In this post, we will discuss @RunWith Annotation. When a class is annotated with @RunWith or extends a class annotated with it, JUnit will invoke the class that it references to run the tests in that class instead of the runner built with JUnit.

What is a Runner?

A Runner runs tests and notifies a RunNotifier of significant events as it does so. We can also use custom runners if we want by extending the Runner class. When creating a custom runner, in addition to implementing the abstract methods you must also provide a constructor that takes as an argument the Class containing the tests.
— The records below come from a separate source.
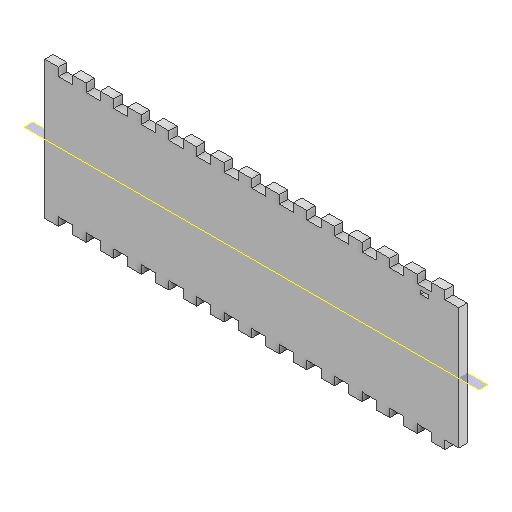
# Autodesk Inventor part: 00_Baseplate_Simmo_side4_v2
Saved by Autodesk Inventor 2022.5 (Build 265521000, 521)
## iProperties
Created: 2022-08-09
Part Number: 00_Baseplate_Simmo_side4_v2
Material: Generic
Document SubType Name: Modeling
Designer: wanghaoran
Density: 1 g/cm^3
Appearance: Default
Author: wanghaoran
Autodesk Inventor part; units mm, degrees
ref_plane "YZ Plane" through (0, 0, 0) normal (1, 0, 0) x (0, 1, 0)
ref_plane "XZ Plane" through (0, 0, 0) normal (0, 1, 0) x (-1, 0, 0)
ref_plane "XY Plane" through (0, 0, 0) normal (0, 0, 1) x (1, 0, 0)
sketch "Sketch1" plane through (0, 0, 0) normal (0, 0, 1) x (1, 0, 0)
  line L0 (-17.2654, 11) -> (-17.2654, 17) projected
  line L1 (282.6787, 11) -> (282.6787, 17) projected
  line L2 (282.6787, 17) -> (-2.7455, 17)
  line L3 (-2.7455, 17) -> (-2.7455, -83)
  line L4 (-2.7455, -83) -> (282.6787, -83)
  line L5 (282.6787, -83) -> (282.6787, 17)
  line L6 (-17.2654, 17) -> (-2.7455, 17)
  line L7 (-2.7455, 17) -> (-2.7455, -83)
  line L8 (-2.7455, -83) -> (-17.2654, -83)
  line L9 (-17.2654, -83) -> (-17.2654, 17)
  point P0 (0, 0)
  point P1 (-10, 6)
  point P2 (-10, 0)
  point P3 (-2.7455, 17)
  dimension "d0" = 100
  constraints: 16 end point, 4 parallel, 2 horizontal, 2 perpendicular
  measures "d0" distance of L3.end L2.end
extrude "Extrusion1" add sketch "Sketch1" along normal blind 6
sketch "Sketch2" plane through (0, 0, 6) normal (0, 0, 1) x (1, 0, 0)
  line L0 (282.6787, 11) -> (282.6787, 17)
  line L1 (272.7346, 17) -> (272.7346, 11) projected
  line L2 (272.7346, 11) -> (282.6787, 11)
  line L3 (262.7346, 11) -> (262.7346, 17) projected
  line L4 (252.7346, 11) -> (262.7346, 11) projected
  line L5 (252.7346, 17) -> (252.7346, 11) projected
  line L6 (272.7346, 11) -> (272.6346, 11)
  line L7 (272.6346, 11) -> (272.6346, 17)
  line L8 (272.6346, 17) -> (272.7346, 17)
  line L9 (272.7346, 17) -> (272.7346, 11)
  line L10 (282.6787, -83) -> (282.6787, 17) projected
  line L11 (282.6787, 17) -> (-17.2654, 17) projected
  line L12 (282.6787, 17) -> (272.7346, 17)
  point P0 (0, 0)
  point P1 (272.7346, 17)
  dimension "d3" = 0.1
  dimension "d4" = 6
  constraints: 14 end point, 2 parallel, 1 horizontal, 1 perpendicular
  measures "d3" distance of L7.end L8.end
  measures "d4" distance of L6.end L7.end
extrude "Extrusion2" cut sketch "Sketch2" against normal blind 6 contours L6 L7 L8 L1
sketch "Sketch3" plane through (0, 0, 6) normal (0, 0, 1) x (1, 0, 0)
  line L0 (252.7346, 17) -> (252.7346, 11) projected
  line L1 (262.7346, 11) -> (262.7346, 17) projected
  line L2 (252.7346, 17) -> (262.7346, 17) projected
  line L3 (252.7346, 17) -> (252.7346, 11) projected
  line L4 (252.7346, 11) -> (262.7346, 11) projected
  line L5 (262.7346, 11) -> (262.8346, 11)
  line L6 (262.8346, 11) -> (262.8346, 17)
  line L7 (262.8346, 17) -> (262.7346, 17)
  line L8 (262.7346, 17) -> (262.7346, 11)
  line L9 (252.7346, 11) -> (252.6346, 11)
  line L10 (252.6346, 11) -> (252.6346, 17)
  line L11 (252.6346, 17) -> (252.7346, 17)
  line L12 (252.7346, 17) -> (252.7346, 11)
  point P0 (0, 0)
  dimension "d11" = 0.1
  dimension "d12" = 6
  dimension "d13" = 0.1
  dimension "d14" = 6
  constraints: 16 end point, 4 parallel, 2 horizontal, 2 perpendicular
  measures "d11" distance of L7.end L6.end
  measures "d12" distance of L6.end L5.end
  measures "d13" distance of L10.end L11.end
  measures "d14" distance of L9.end L10.end
extrude "Extrusion3" cut sketch "Sketch3" against normal blind 6
pattern_linear "Rectangular Pattern1" count 14 spacing 20 along (-1, 0, 0) of "Extrusion3"
ref_plane "Work Plane1" through (-17.2654, -33, 0) normal (0, -1, 0) x (1, 0, 0)
mirror "Mirror1" about plane through (-17.2654, -33, 0) normal (0, -1, 0) of "Extrusion3"
pattern_linear "Rectangular Pattern2" count 14 spacing 20 along (-1, 0, 0) count 2 spacing 20 along (1, 0, 0) of "Extrusion3", "Mirror1"
sketch "Sketch4" plane through (0, 0, 6) normal (0, 0, 1) x (1, 0, 0)
  line L0 (280.4846, 6.6) -> (274.9846, 6.6)
  line L1 (274.9846, 6.6) -> (274.9846, 9)
  line L2 (274.9846, 9) -> (280.4846, 9)
  line L3 (280.4846, 9) -> (280.4846, 6.6)
  line L4 (272.6346, 11) -> (272.6346, 17) projected
  line L5 (282.6787, 17) -> (-17.2654, 17) projected
  line L6 (260.4846, 5.6) -> (254.9846, 5.6)
  line L7 (254.9846, 5.6) -> (254.9846, 8)
  line L8 (254.9846, 8) -> (260.4846, 8)
  line L9 (260.4846, 8) -> (260.4846, 5.6)
  line L10 (262.8346, 11) -> (252.6346, 11) projected
  line L11 (252.6346, 11) -> (252.6346, 17) projected
  point P0 (0, 0)
  point P1 (262.8346, 17)
  dimension "d26" = 5.5
  dimension "d27" = 2.4
  dimension "d28" = 2.35
  dimension "d29" = 8
  dimension "d32" = 5.5
  dimension "d33" = 2.4
  dimension "d34" = 3
  dimension "d35" = 2.35
  constraints: 16 end point, 4 parallel, 2 horizontal, 2 perpendicular
  measures "d26" distance of L1.end L2.end
  measures "d27" distance of L0.end L1.end
  measures "d28" distance between parallel lines of L4 L1
  measures "d29" distance between parallel lines of L2 L5
  measures "d32" distance of L7.end L8.end
  measures "d33" distance of L6.end L7.end
  measures "d34" distance between parallel lines of L10 L8
  measures "d35" distance between parallel lines of L11 L7
extrude "Extrusion4" cut sketch "Sketch4" against normal through all contours L6 L7 L8 L9
pattern_linear "Rectangular Pattern3" [suppressed]
body "Solid1"

For example, Eclipse has a built-in a graphical runner.

In order to use @RunWith annotation, we need to pass a class that is extended from Runner.

Class<? extends Runner>

 

 

 

We can run JBehave stories using this annotation. For example, we can use AnnotatedEmbedderRunner with this annotation.

@RunWith(value=AnnotatedEmbedderRunner.class) 
@UsingEmbedder(embedder=Embedder.class)

 

AnnotatedEmbedderRunner is a JUnit Runner that uses the AnnotationBuilder to create an embeddable test instance.

Another example we can run JBehave stories using Serenity by extending from SerenityStories class.

SerentiyStories class uses SerenityReportingRunner

@RunWith(SerenityReportingRunner.class)

SerenityStories is a JUnit-runnable test case designed to run a set of JBehave stories in a given package.